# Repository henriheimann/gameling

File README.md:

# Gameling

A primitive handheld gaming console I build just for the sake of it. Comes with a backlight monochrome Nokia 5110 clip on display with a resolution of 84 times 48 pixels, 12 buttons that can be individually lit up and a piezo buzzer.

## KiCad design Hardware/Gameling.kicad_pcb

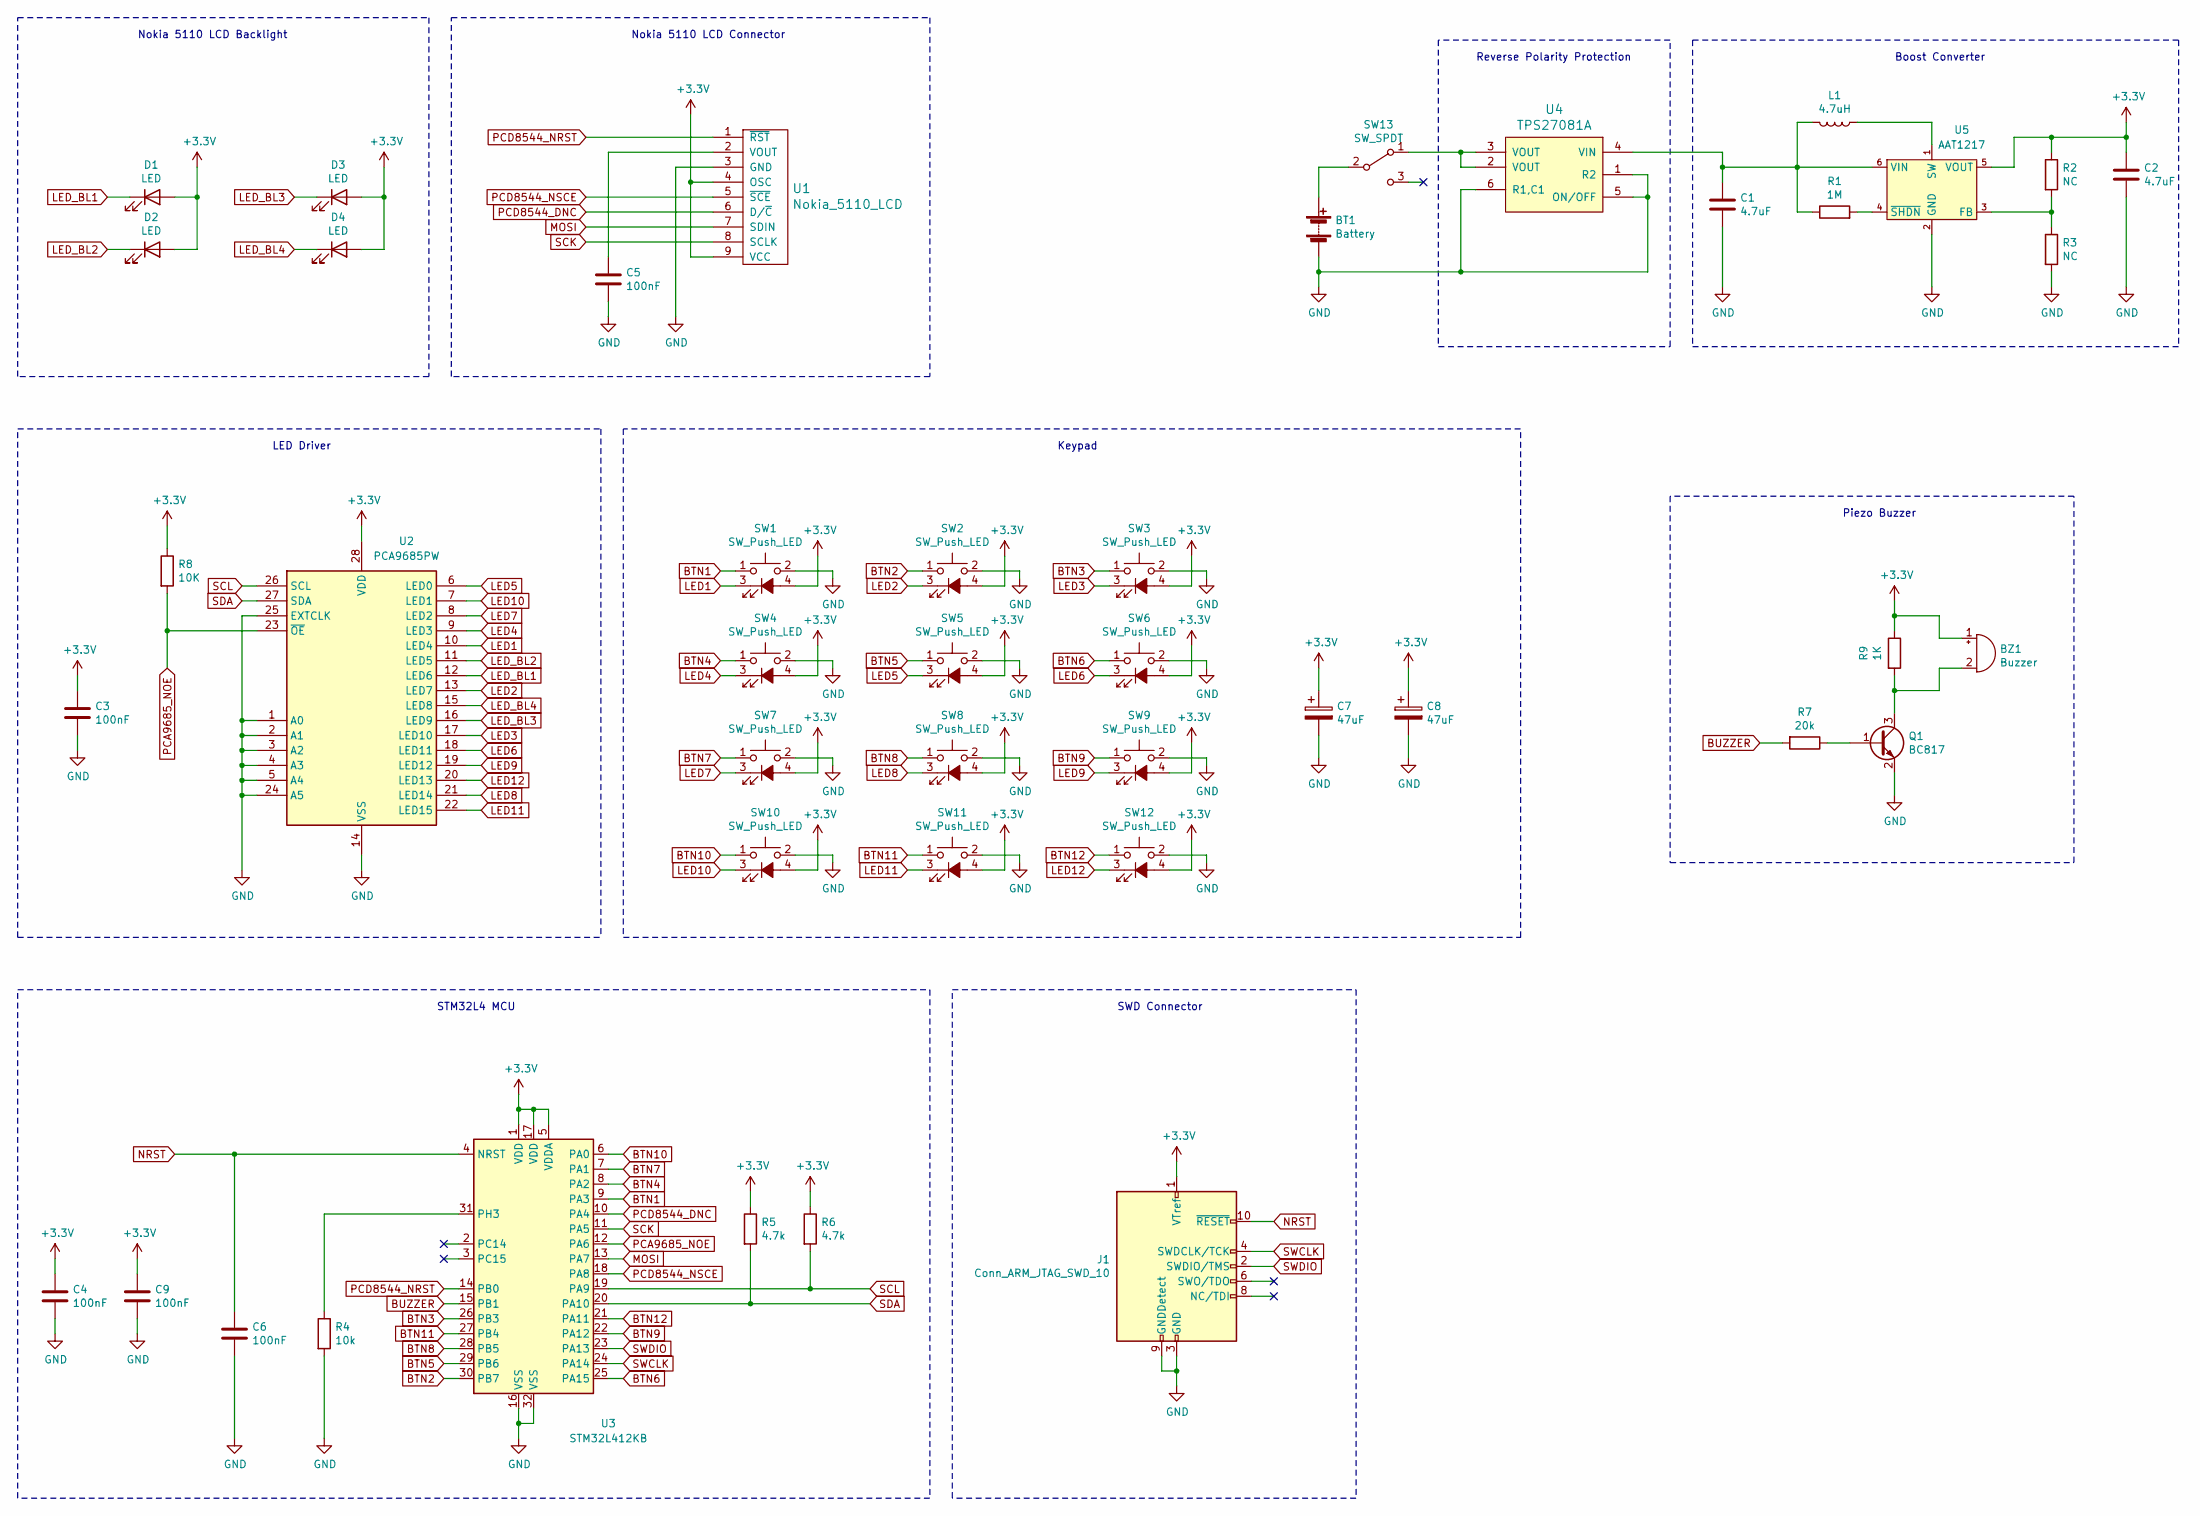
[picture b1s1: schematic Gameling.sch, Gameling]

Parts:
BT1: Battery; BatteryHolder_Keystone_2468_2xAAA_NoSilkscreen
BZ1: Buzzer; Buzzer_CUI_CPT-9019S-SMT_With3DModel
C1, C2: 4.7uF; C_0805_2012Metric_Pad1.15x1.40mm_HandSolder
C3, C4, C5, C6, C9: 100nF; C_0805_2012Metric_Pad1.15x1.40mm_HandSolder
C7, C8: 47uF; CP_Elec_4x4.5
D1, D2, D3, D4: LED; D_0805_2012Metric_Pad1.15x1.40mm_HandSolder_NoSilkscreen
J1: Conn_ARM_JTAG_SWD_10; Amphenol_FCI_ShroudedSocket_2x05_P1.27mm_Vertical_SMD
L1: 4.7uH; L_Bourns-SRN4018_With3DModel
Q1: BC817; SOT-23
R1: 1M; R_0805_2012Metric_Pad1.15x1.40mm_HandSolder
R2, R3: NC; R_0805_2012Metric_Pad1.15x1.40mm_HandSolder
R4: 10k; R_0805_2012Metric_Pad1.15x1.40mm_HandSolder
R5, R6: 4.7k; R_0805_2012Metric_Pad1.15x1.40mm_HandSolder
R7: 20k; R_0805_2012Metric_Pad1.15x1.40mm_HandSolder
R8: 10K; R_0805_2012Metric_Pad1.15x1.40mm_HandSolder
R9: 1K; R_0805_2012Metric_Pad1.15x1.40mm_HandSolder
SW1, SW2, SW3, SW4, SW5, SW6, SW7, SW8, SW9, SW10, SW11, SW12: SW_Push_LED; Generic_LED_Tactile_Button
SW13: SW_SPDT; SW_CuK_OS102011MA1QN1_SPDT_Angled_With3DModel_NoSilkscreen
U1: Nokia_5110_LCD; Nokia_5110-3310_LCD_NoSilkscreen
U2: PCA9685PW; TSSOP-28_4.4x9.7mm_P0.65mm
U3: STM32L412KB; LQFP-32_7x7mm_P0.8mm
U4: TPS27081A; TSOT-23-6_HandSoldering
U5: AAT1217; TSOT-23-6_HandSoldering

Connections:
+3V3: BZ1.1 (-), C2.1, C3.1, C4.1, C7.1, C8.1, C9.1, D1.2 (A), D2.2 (A), D3.2 (A), D4.2 (A), J1.1 (VTref), R2.1, R5.1, R6.1, R8.1, R9.1, SW1.4 (A), SW2.4 (A), SW3.4 (A), SW4.4 (A), SW5.4 (A), SW6.4 (A), SW7.4 (A), SW8.4 (A), SW9.4 (A), SW10.4 (A), SW11.4 (A), SW12.4 (A), U1.4 (OSC), U1.9 (VCC), U2.28 (VDD), U3.1 (VDD), U3.5 (VDDA), U3.17 (VDD), U5.5 (VOUT)
BTN1: SW1.1, U3.9 (PA3)
BTN2: SW2.1, U3.30 (PB7)
BTN3: SW3.1, U3.26 (PB3)
BTN4: SW4.1, U3.8 (PA2)
BTN5: SW5.1, U3.29 (PB6)
BTN6: SW6.1, U3.25 (PA15)
BTN7: SW7.1, U3.7 (PA1)
BTN8: SW8.1, U3.28 (PB5)
BTN9: SW9.1, U3.22 (PA12)
BTN10: SW10.1, U3.6 (PA0)
BTN11: SW11.1, U3.27 (PB4)
BTN12: SW12.1, U3.21 (PA11)
BUZZER: R7.2, U3.15 (PB1)
GND: BT1.2 (-), C1.2, C2.2, C3.2, C4.2, C5.2, C6.2, C7.2, C8.2, C9.2, J1.3 (GND), J1.5 (GND), J1.9 (GNDDetect), Q1.2 (E), R3.2, R4.2, SW1.2, SW2.2, SW3.2, SW4.2, SW5.2, SW6.2, SW7.2, SW8.2, SW9.2, SW10.2, SW11.2, SW12.2, U1.3 (GND), U2.1 (A0), U2.2 (A1), U2.3 (A2), U2.4 (A3), U2.5 (A4), U2.14 (VSS), U2.24 (A5), U2.25 (EXTCLK), U3.16 (VSS), U3.32 (VSS), U4.1 (R2), U4.5 (ON/OFF), U4.6 (R1,C1), U5.2 (GND)
LED1: SW1.3 (K), U2.10 (LED4)
LED2: SW2.3 (K), U2.13 (LED7)
LED3: SW3.3 (K), U2.17 (LED10)
LED4: SW4.3 (K), U2.9 (LED3)
LED5: SW5.3 (K), U2.6 (LED0)
LED6: SW6.3 (K), U2.18 (LED11)
LED7: SW7.3 (K), U2.8 (LED2)
LED8: SW8.3 (K), U2.21 (LED14)
LED9: SW9.3 (K), U2.19 (LED12)
LED10: SW10.3 (K), U2.7 (LED1)
LED11: SW11.3 (K), U2.22 (LED15)
LED12: SW12.3 (K), U2.20 (LED13)
LED_BL1: D1.1 (K), U2.12 (LED6)
LED_BL2: D2.1 (K), U2.11 (LED5)
LED_BL3: D3.1 (K), U2.16 (LED9)
LED_BL4: D4.1 (K), U2.15 (LED8)
MOSI: U1.7 (SDIN), U3.13 (PA7)
NRST: C6.1, J1.10 (~RESET~), U3.4 (NRST)
unnamed: BT1.1 (+), SW13.2 (B)
unnamed: BZ1.2 (+), Q1.3 (C), R9.2
unnamed: C1.1, L1.2, R1.1, U4.4 (VIN), U5.6 (VIN)
unnamed: C5.1, U1.2 (VOUT)
unnamed: L1.1, U5.1 (SW)
unnamed: Q1.1 (B), R7.1
unnamed: R1.2, U5.4 (~SHDN)
unnamed: R2.2, R3.1, U5.3 (FB)
unnamed: R4.1, U3.31 (PH3)
unnamed: SW13.1 (A), U4.2 (VOUT), U4.3 (VOUT)
PCA9685_NOE: R8.2, U2.23 (~OE), U3.12 (PA6)
PCD8544_DNC: U1.6 (D/~C), U3.10 (PA4)
PCD8544_NRST: U1.1 (~RST), U3.14 (PB0)
PCD8544_NSCE: U1.5 (~SCE), U3.18 (PA8)
SCK: U1.8 (SCLK), U3.11 (PA5)
SCL: R6.2, U2.26 (SCL), U3.19 (PA9)
SDA: R5.2, U2.27 (SDA), U3.20 (PA10)
SWCLK: J1.4 (SWDCLK/TCK), U3.24 (PA14)
SWDIO: J1.2 (SWDIO/TMS), U3.23 (PA13)

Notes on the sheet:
Reverse Polarity Protection
Boost Converter
STM32L4 MCU
SWD Connector
Nokia 5110 LCD Backlight
Nokia 5110 LCD Connector
LED Driver
Keypad
Piezo Buzzer

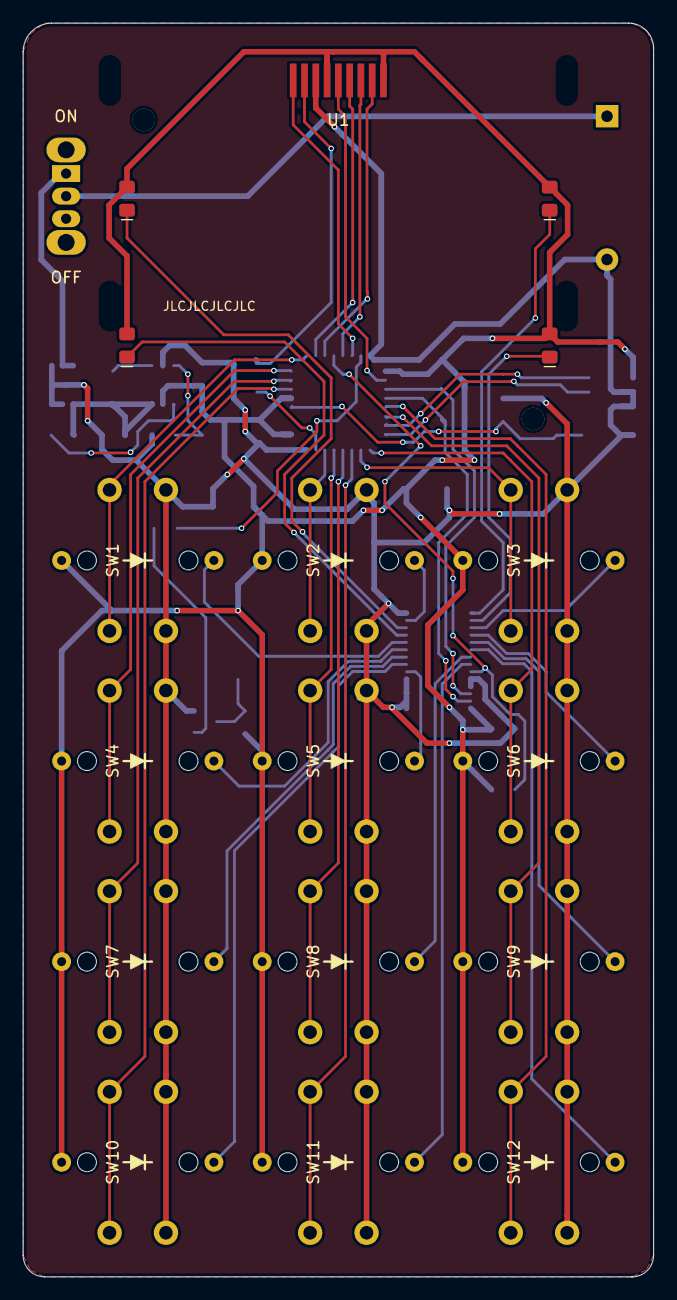
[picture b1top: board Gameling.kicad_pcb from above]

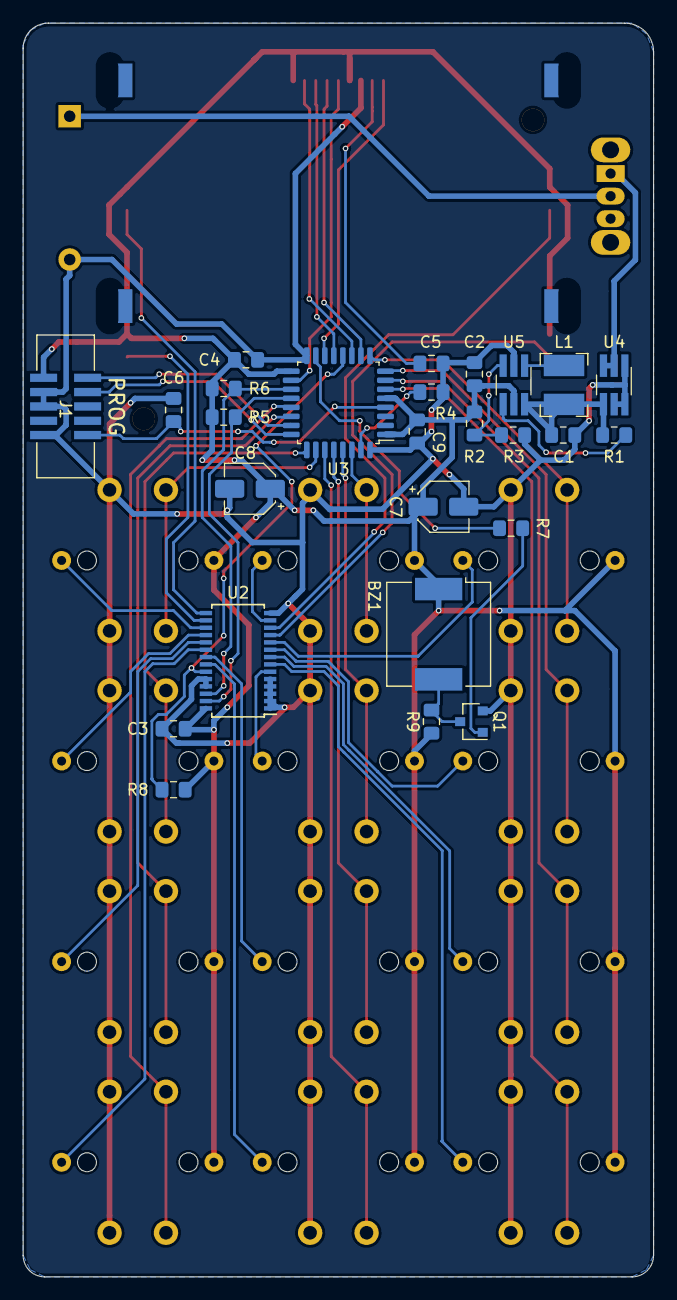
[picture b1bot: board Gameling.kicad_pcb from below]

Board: 2 copper layers, 55.9 x 111.1 mm, 45 parts (27 on the bottom side), 52 nets.

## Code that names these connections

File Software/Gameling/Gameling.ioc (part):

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Mcu.Name=STM32L412KBTx
Mcu.Package=LQFP32
Mcu.UserName=STM32L412KBTx
PA0-CK_IN.GPIOParameters=GPIO_PuPd,GPIO_Label
PA0-CK_IN.GPIO_Label=BUTTON_10
PA0-CK_IN.GPIO_PuPd=GPIO_PULLUP
PA0-CK_IN.Signal=GPIO_Input
PA1.GPIOParameters=GPIO_PuPd,GPIO_Label
PA1.GPIO_Label=BUTTON_7
PA1.GPIO_PuPd=GPIO_PULLUP
PA1.Signal=GPIO_Input
PA10.Mode=I2C
PA10.Signal=I2C1_SDA
PA11.GPIOParameters=GPIO_PuPd,GPIO_Label
PA11.GPIO_Label=BUTTON_12
PA11.GPIO_PuPd=GPIO_PULLUP
PA11.Signal=GPIO_Input
PA12.GPIOParameters=GPIO_PuPd,GPIO_Label
PA12.GPIO_Label=BUTTON_9
PA12.GPIO_PuPd=GPIO_PULLUP
PA12.Signal=GPIO_Input
PA13\ (JTMS/SWDIO).Mode=Serial_Wire
PA13\ (JTMS/SWDIO).Signal=SYS_JTMS-SWDIO
PA14\ (JTCK/SWCLK).Mode=Serial_Wire
PA14\ (JTCK/SWCLK).Signal=SYS_JTCK-SWCLK
PA15\ (JTDI).GPIOParameters=GPIO_PuPd,GPIO_Label
PA15\ (JTDI).GPIO_Label=BUTTON_6
PA15\ (JTDI).GPIO_PuPd=GPIO_PULLUP
PA15\ (JTDI).Signal=GPIO_Input
PA2.GPIOParameters=GPIO_PuPd,GPIO_Label
PA2.GPIO_Label=BUTTON_4
PA2.GPIO_PuPd=GPIO_PULLUP
PA2.Signal=GPIO_Input
PA3.GPIOParameters=GPIO_PuPd,GPIO_Label
PA3.GPIO_Label=BUTTON_1
PA3.GPIO_PuPd=GPIO_PULLUP
PA3.Signal=GPIO_Input
PA4.GPIOParameters=GPIO_PuPd,GPIO_Label
PA4.GPIO_Label=NOKIA5110_DNC
PA4.GPIO_PuPd=GPIO_PULLDOWN
PA4.Signal=GPIO_Output
PA5.GPIOParameters=GPIO_PuPd
PA5.GPIO_PuPd=GPIO_PULLDOWN
PA5.Mode=Simplex_Bidirectional_Master
PA5.Signal=SPI1_SCK
PA7.GPIOParameters=GPIO_PuPd
PA7.GPIO_PuPd=GPIO_PULLDOWN
PA7.Mode=Simplex_Bidirectional_Master
PA7.Signal=SPI1_MOSI
PA8.GPIOParameters=GPIO_PuPd,GPIO_Label
PA8.GPIO_Label=NOKIA5110_NSCE
PA8.GPIO_PuPd=GPIO_PULLDOWN
PA8.Signal=GPIO_Output
PA9.Mode=I2C
PA9.Signal=I2C1_SCL
PB0.GPIOParameters=GPIO_PuPd,GPIO_Label
PB0.GPIO_Label=NOKIA5110_NRST
PB0.GPIO_PuPd=GPIO_PULLUP
PB0.Signal=GPIO_Output
PB1.GPIOParameters=GPIO_Label
PB1.GPIO_Label=BUZZER
PB1.Mode=PWM Generation3 CH3N
PB1.Signal=TIM1_CH3N
PB3\ (JTDO/TRACESWO).GPIOParameters=GPIO_PuPd,GPIO_Label
PB3\ (JTDO/TRACESWO).GPIO_Label=BUTTON_3
PB3\ (JTDO/TRACESWO).GPIO_PuPd=GPIO_PULLUP
PB3\ (JTDO/TRACESWO).Signal=GPIO_Input
PB4\ (NJTRST).GPIOParameters=GPIO_PuPd,GPIO_Label
PB4\ (NJTRST).GPIO_Label=BUTTON_11
PB4\ (NJTRST).GPIO_PuPd=GPIO_PULLUP
PB4\ (NJTRST).Signal=GPIO_Input
PB5.GPIOParameters=GPIO_PuPd,GPIO_Label
PB5.GPIO_Label=BUTTON_8
PB5.GPIO_PuPd=GPIO_PULLUP
PB5.Signal=GPIO_Input
PB6.GPIOParameters=GPIO_PuPd,GPIO_Label
PB6.GPIO_Label=BUTTON_5
PB6.GPIO_PuPd=GPIO_PULLUP
PB6.Signal=GPIO_Input
PB7.GPIOParameters=GPIO_PuPd,GPIO_Label
PB7.GPIO_Label=BUTTON_2
PB7.GPIO_PuPd=GPIO_PULLUP
PB7.Signal=GPIO_Input
RCC.HSE_VALUE=8000000
RCC.SYSCLKFreq_VALUE=16000000
RCC.SYSCLKSource=RCC_SYSCLKSOURCE_PLLCLK
board=custom

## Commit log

2020-04-22 Add README and picture
2020-04-22 Scale image
2020-04-23 Adjust LED brightnesses
2020-04-23 Add multi application logic
2020-04-23 Add intro notes, fix first song segment not being played
2020-04-23 Add LED countdown during intro, function to set all button LEDs at once
2020-05-24 Add main menu
2020-10-17 Update to new symbol and footprints libraries
2020-10-19 Move embedded project to subfolder for CLion
2020-10-19 Remove old submodule contents
2020-10-19 Readd pca9685 submodule
2020-10-19 Readd pcd8544 submodule
2020-12-28 Update submodules remotes

-----

▶ [Activity] Where a line in the preceding listing contains the word "Readd", include it in your count, and reply with that number alone.

▶ [Output for this task] 2